Genetic testing, especially molecular genetic diagnostics, has evolved rapidly since the advent of the twenty-first century, thereby prompting a corresponding evolution in patient management and the healthcare industry. Recent advances in molecular biology research have opened a portal to plenty of phenomenon that were previously heard of only in science fiction, such as gene editing, personalized medicine, and even designer babies. A literal interpretation of the term ‘genetic testing’ would refer to the analysis of changes (known as mutations) in the hereditary material or DNA (deoxyribonucleic acid) of an individual or group of individuals to confirm or predict health-related outcomes. A genome refers to the complete set of genes that an individual possesses and the study of this is referred to as genomics. The concepts of genetic and genomic testing are relatively novel for the larger population and present multiple challenges for everyone involved, including the clinician, patient, and even the scientists developing the tests.
In an effort to remedy this, a comprehensive team that includes diverse specialists such as molecular biologists, medical geneticists, clinicians, bioinformaticians, histopathologists, and genetic and psychological counsellors is required to overcome the scientific, technical, social, and psychological implications of a molecular genetic test. Their expertise extends to choosing the right technique and avoiding unnecessary testing with the aim of minimizing the financial and psychological burden on the patients.
Countless applications of molecular and cellular biology have permeated across various fields ranging from agriculture to healthcare. For example, modern oncology relies heavily on molecular testing for disease management decisions. Successive testing for mutations in family members of the patient has proven to be cost-effective with long-term benefits. Disease predisposition and prophylactic measures are based on such genetic evaluations.
The prevalence of conditions such as muscular dystrophy, dysmorphism, intellectual disability, and disorders of sexual differentiation are commonly observed in young children. This has prompted pediatricians to use molecular tests to augment their clinical acumen. Reproductive and maternal health too has been revolutionized owing to developments in molecular biology. This is critical for family planning and its possible implications in cases of hereditary disease and consanguineous marriage as most reproductive decisions are seriously impacted with this knowledge.
Genetic testing is proving to be invaluable in the diagnosis of critical infections such as sepsis and transplant-associated infections as timely intervention is of paramount importance in such cases and genetic tests have a very short turnaround time compared to classical microbiological tests such as urine or blood cultures.
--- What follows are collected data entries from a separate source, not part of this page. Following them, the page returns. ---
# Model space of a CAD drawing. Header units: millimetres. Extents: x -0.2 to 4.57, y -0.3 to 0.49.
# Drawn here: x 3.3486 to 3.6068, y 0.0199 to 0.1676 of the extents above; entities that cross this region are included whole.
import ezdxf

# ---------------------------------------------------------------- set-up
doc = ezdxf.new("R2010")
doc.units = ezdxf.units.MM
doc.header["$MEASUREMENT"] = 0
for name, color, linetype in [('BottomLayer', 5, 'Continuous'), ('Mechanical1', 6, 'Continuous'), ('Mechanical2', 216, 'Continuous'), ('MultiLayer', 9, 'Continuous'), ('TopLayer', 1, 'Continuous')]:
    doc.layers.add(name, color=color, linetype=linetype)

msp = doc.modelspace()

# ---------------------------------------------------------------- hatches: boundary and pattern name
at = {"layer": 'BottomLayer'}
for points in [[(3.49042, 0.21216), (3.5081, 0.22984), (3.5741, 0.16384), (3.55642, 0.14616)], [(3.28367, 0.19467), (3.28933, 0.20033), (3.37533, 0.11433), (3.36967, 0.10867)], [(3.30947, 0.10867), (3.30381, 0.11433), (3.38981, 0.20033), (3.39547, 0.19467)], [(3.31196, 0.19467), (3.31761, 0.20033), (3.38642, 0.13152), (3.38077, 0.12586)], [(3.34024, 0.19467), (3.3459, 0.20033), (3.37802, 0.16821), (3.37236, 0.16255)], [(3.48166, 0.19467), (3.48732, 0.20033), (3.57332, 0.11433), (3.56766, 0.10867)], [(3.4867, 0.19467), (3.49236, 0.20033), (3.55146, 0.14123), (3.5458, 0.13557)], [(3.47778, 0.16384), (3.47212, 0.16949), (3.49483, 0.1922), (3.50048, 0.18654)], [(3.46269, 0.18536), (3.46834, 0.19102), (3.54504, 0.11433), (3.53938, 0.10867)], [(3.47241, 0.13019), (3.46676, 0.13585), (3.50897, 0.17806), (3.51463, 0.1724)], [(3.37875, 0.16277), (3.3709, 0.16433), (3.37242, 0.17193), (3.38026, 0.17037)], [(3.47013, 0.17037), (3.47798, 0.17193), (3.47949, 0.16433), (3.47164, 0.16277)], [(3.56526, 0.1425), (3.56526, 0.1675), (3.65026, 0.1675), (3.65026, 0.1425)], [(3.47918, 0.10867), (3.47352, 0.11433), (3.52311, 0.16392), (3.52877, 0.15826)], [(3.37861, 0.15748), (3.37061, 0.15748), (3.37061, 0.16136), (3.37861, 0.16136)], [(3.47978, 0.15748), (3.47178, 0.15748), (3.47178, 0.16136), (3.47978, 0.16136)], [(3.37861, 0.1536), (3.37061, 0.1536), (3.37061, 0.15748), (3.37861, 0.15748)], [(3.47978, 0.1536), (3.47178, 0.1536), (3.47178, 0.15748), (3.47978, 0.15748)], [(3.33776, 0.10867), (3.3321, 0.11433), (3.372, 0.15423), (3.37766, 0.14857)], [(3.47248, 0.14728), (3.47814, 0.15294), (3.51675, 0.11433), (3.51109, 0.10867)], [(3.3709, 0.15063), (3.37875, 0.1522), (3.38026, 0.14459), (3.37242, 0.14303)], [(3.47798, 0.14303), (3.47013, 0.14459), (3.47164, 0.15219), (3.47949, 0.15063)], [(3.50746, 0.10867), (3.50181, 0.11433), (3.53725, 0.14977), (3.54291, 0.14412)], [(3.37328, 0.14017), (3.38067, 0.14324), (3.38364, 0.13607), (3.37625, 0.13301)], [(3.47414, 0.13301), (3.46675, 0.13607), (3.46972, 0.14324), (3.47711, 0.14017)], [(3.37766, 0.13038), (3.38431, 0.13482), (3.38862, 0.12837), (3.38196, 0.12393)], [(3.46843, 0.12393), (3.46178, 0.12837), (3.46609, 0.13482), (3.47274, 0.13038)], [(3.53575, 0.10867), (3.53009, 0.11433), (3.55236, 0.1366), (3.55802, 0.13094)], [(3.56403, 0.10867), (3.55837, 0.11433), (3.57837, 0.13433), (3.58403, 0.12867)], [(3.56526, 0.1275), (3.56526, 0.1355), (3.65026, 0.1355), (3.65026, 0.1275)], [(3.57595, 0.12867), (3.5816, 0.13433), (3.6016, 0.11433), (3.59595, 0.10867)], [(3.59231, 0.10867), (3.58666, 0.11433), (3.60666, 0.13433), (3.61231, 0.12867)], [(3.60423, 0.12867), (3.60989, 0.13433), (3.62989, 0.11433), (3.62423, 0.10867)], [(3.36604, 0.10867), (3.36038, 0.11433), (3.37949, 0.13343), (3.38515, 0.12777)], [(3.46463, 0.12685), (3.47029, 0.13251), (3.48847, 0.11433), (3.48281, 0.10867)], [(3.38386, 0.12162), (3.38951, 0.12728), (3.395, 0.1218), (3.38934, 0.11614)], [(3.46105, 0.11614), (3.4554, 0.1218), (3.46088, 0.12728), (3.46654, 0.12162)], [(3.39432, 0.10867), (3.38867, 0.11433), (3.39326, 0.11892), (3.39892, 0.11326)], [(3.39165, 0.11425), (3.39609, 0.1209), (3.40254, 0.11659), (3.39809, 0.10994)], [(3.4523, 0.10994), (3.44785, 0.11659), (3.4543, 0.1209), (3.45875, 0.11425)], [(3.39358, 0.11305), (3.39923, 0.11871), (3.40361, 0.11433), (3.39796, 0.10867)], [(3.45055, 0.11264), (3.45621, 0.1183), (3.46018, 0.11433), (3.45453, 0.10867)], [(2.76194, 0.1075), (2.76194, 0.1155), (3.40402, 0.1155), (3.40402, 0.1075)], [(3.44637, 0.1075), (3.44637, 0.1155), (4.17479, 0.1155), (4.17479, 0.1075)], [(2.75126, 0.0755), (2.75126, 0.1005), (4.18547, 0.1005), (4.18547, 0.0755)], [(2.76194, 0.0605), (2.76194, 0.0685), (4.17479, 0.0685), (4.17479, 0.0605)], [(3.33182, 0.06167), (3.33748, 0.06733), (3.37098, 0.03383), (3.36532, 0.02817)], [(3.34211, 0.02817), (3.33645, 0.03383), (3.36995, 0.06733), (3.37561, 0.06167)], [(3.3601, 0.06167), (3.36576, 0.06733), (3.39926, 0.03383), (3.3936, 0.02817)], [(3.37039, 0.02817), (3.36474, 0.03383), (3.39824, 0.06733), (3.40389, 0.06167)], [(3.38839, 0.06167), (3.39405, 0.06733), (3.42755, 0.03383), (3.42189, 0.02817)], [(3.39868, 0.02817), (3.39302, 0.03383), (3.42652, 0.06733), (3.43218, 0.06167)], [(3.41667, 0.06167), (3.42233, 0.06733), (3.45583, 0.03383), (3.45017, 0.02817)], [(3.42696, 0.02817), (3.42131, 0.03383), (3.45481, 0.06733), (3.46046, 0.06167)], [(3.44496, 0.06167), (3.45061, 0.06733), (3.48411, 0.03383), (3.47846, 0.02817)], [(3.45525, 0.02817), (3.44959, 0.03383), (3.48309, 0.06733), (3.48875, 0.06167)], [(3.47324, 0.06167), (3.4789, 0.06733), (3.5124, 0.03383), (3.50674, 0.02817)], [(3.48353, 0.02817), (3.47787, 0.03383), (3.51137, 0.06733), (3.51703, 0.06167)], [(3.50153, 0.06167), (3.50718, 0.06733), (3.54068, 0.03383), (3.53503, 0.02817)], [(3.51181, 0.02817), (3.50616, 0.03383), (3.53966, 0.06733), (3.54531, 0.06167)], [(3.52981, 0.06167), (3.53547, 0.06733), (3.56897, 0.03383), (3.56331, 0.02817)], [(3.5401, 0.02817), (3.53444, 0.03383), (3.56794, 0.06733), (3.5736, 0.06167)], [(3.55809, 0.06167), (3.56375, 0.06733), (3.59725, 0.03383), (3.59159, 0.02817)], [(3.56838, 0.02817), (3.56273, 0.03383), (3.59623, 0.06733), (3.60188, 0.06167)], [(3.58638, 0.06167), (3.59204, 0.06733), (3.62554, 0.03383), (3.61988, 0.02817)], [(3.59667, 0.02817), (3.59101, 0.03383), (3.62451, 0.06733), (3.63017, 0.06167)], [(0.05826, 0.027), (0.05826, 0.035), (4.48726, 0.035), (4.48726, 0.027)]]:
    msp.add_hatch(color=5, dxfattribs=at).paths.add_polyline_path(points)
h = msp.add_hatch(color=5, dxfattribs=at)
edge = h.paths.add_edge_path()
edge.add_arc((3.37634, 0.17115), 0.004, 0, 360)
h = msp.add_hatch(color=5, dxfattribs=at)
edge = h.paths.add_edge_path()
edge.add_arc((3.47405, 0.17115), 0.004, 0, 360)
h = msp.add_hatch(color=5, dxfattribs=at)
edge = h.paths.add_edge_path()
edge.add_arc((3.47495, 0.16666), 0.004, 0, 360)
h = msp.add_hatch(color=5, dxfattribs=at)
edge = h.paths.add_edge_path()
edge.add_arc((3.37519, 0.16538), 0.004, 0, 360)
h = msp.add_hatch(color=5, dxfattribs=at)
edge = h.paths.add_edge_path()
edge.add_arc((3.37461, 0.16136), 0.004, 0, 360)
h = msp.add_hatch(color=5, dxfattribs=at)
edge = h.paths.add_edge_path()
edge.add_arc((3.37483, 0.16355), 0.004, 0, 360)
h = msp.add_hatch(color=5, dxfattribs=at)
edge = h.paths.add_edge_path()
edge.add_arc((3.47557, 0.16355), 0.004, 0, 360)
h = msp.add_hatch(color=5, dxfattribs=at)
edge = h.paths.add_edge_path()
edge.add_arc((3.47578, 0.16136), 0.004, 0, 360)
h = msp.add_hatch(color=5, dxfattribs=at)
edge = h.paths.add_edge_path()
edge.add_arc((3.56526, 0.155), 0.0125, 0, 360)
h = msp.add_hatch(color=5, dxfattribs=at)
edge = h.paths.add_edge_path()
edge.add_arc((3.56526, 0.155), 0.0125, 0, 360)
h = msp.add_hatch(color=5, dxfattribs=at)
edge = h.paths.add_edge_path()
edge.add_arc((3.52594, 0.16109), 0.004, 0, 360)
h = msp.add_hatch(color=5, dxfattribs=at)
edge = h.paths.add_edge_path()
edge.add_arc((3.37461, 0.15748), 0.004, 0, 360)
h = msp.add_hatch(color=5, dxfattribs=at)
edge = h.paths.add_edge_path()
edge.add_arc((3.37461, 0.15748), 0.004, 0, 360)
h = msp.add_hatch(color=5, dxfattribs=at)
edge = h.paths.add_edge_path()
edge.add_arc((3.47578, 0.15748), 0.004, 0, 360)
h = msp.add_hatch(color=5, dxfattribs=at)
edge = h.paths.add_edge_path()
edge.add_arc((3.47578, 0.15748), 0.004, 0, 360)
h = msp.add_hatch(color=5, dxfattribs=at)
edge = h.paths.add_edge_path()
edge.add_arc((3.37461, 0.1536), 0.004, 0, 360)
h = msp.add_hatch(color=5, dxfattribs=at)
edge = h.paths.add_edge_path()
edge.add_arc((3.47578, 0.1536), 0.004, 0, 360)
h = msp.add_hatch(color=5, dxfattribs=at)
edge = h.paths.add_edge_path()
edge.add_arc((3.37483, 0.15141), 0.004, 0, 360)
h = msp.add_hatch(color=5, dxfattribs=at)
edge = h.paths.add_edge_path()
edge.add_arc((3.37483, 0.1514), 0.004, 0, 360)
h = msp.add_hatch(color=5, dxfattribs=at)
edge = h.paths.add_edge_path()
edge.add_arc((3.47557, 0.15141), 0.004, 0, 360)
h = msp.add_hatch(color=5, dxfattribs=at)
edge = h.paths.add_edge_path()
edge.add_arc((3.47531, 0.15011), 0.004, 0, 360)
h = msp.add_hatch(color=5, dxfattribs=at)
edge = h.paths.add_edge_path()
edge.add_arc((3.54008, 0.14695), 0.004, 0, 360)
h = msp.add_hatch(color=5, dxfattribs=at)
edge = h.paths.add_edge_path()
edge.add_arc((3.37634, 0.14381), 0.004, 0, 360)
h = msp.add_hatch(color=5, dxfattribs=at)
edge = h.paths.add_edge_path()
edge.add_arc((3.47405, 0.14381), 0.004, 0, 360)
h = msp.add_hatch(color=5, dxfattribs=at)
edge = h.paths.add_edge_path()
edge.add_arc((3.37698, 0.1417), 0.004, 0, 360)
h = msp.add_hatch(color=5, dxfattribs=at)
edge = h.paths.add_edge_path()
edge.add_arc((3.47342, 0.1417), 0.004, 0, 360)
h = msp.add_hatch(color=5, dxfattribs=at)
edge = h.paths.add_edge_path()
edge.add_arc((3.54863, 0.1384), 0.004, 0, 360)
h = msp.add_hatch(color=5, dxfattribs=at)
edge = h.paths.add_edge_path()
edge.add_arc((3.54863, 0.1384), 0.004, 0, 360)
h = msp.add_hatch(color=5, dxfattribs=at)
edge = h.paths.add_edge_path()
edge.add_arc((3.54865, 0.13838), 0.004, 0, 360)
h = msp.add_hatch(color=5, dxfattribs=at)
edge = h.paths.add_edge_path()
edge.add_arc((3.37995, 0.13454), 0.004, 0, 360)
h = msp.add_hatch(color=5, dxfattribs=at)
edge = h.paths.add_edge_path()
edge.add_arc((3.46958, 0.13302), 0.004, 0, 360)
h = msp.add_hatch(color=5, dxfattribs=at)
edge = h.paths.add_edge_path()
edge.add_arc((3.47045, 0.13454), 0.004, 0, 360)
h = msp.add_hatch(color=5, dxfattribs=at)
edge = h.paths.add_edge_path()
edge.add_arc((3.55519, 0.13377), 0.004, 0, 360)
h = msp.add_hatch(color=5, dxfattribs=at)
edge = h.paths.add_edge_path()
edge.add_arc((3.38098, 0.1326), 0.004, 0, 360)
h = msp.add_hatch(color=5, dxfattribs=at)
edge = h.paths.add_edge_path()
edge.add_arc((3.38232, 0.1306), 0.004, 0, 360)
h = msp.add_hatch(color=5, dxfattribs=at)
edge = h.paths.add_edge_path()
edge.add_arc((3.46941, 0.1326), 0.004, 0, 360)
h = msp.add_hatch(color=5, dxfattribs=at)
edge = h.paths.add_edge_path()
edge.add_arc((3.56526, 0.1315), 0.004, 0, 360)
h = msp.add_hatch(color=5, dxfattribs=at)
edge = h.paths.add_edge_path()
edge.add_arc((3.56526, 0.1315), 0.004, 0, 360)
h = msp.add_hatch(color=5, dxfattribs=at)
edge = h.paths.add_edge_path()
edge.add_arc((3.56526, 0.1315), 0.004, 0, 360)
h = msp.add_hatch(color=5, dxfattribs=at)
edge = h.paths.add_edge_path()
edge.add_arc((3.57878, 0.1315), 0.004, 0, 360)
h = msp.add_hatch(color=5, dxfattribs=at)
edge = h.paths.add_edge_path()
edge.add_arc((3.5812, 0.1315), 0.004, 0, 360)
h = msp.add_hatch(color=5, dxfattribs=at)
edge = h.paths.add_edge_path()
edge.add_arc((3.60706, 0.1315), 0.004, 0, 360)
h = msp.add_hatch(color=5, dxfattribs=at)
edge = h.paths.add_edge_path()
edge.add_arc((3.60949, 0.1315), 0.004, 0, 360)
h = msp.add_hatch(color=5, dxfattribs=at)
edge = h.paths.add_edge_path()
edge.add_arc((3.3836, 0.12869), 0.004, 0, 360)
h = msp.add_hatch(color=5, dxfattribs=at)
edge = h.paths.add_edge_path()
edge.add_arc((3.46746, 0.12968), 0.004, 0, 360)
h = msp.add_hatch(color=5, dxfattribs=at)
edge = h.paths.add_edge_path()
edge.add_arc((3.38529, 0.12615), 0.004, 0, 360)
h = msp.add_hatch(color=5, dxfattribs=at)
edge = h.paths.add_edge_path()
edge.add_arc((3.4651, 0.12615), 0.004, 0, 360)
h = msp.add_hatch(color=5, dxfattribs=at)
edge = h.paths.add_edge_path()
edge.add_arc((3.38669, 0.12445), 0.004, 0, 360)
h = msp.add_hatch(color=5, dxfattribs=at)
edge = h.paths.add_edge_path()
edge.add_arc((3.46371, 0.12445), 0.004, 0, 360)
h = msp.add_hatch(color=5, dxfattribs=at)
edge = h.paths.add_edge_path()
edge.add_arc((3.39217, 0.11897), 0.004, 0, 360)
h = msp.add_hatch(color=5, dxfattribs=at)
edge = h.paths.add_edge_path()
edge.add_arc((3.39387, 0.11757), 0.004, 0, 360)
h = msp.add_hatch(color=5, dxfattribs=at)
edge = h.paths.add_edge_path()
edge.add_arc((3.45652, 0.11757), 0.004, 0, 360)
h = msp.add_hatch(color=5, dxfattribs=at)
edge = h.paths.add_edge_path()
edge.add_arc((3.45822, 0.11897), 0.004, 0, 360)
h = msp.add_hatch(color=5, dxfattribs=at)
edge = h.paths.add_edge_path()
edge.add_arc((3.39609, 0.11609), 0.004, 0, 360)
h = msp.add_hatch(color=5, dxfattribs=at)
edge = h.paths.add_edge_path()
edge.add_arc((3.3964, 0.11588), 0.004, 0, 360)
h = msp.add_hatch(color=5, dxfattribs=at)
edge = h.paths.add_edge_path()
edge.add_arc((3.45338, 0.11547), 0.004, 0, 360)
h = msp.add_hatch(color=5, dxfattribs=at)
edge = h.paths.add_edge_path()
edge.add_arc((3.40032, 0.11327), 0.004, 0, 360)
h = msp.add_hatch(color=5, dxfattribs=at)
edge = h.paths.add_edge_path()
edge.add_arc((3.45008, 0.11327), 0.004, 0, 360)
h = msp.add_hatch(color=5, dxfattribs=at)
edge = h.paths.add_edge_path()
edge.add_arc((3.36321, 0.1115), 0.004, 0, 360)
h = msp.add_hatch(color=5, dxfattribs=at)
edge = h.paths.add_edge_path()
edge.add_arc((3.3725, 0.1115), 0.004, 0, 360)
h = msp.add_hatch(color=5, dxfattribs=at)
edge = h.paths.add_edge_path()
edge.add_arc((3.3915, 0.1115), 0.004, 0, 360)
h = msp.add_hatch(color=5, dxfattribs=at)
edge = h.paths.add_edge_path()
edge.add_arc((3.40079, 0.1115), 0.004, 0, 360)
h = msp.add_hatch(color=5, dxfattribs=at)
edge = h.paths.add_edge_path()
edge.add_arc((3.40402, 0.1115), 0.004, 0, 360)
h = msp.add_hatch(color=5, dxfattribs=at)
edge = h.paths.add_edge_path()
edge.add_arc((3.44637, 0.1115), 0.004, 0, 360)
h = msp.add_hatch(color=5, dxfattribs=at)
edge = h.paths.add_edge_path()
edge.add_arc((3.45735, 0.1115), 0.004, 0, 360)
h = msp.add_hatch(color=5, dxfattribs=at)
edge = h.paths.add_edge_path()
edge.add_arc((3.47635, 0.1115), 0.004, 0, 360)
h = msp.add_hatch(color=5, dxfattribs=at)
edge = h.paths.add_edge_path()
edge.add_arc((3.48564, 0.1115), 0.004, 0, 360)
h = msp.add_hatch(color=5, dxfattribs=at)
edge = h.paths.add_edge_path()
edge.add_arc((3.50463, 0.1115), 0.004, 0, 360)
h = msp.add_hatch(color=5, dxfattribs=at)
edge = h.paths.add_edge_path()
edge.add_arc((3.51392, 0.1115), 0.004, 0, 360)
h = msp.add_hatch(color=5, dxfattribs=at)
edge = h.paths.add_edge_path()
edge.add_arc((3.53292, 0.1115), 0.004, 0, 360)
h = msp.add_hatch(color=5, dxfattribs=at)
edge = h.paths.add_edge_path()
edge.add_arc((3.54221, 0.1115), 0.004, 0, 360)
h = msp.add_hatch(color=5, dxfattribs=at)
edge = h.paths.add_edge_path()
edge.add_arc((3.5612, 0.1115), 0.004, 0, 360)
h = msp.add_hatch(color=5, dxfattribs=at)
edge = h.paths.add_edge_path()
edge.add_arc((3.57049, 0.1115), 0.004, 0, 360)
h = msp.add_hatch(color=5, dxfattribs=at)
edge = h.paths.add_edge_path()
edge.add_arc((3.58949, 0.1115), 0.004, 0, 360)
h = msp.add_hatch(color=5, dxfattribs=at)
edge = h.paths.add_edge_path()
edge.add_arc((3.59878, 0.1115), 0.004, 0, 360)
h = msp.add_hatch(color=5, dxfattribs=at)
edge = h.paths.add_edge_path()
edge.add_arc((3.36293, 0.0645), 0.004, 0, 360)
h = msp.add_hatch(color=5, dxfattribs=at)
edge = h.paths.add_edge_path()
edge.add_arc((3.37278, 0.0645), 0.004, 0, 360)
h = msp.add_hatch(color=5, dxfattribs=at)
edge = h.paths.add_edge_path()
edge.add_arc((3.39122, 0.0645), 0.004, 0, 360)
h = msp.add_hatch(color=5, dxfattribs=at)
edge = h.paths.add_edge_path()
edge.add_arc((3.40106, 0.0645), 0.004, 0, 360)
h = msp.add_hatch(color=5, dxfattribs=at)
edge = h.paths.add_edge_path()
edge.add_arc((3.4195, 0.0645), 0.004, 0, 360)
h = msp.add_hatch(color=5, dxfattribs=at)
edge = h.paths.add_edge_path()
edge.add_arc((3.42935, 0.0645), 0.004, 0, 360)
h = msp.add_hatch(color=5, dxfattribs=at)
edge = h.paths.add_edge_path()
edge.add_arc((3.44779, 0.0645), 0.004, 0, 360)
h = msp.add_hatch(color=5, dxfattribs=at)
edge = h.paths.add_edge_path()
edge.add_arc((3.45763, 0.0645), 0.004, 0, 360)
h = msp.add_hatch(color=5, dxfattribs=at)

Pharmacogenomics, better known as personalized medicine, enables doctors to utilize the genetic profile of an individual to tailor a therapy, and its dosage, that would elicit the maximum response with minimal adverse effects. This helps improve the prognosis in cases of cancers, single gene disorders, neurometabolic disorders, and hematological disorders. To maximize on this wealth of information, it is essential to establish certain parameters that include correct interpretation and communication, right bioinformatic support, non-directive genetic counseling and open access to population databases for comparison.
Every developing technology, however, has its own caveats and pitfalls, some of which are unnecessary testing, improper validation of tests and limited access to population databases. In addition, the ethical complexities of access to such information need to be reviewed as life-altering decisions may be based on the findings of the test. It is imperative to maintain patient confidentiality and results must always be conveyed by authorized and trained personnel owing to the social stigma attached to such tests as discrimination by employers, family members and societal pressure lead to disfavoring outcomes. Establishing and following guidelines to avoid unnecessary screening and testing should be mandatory.
The impact of genomics is far-reaching and tapping into new horizons. Data for the first human genome was assimilated over a span of thirteen years through cumbersome research. Since then, however, exponential leaps in technology have shortened the time and monetary investment required for whole genome sequencing (WGS), thereby making personalized medicine a reality. Artificial Intelligence (AI) will bridge the gap in accessing global databases for data analysis and reduce human dependency to a large extent. Awareness and education, however, are required for the population and the clinicians to benefit from the recent breakthroughs of modern molecular science. Genomics is at a nascent stage and caution through good governance is required to ensure that it evolves rapidly to make concepts like gene editing a reality in our lifetime.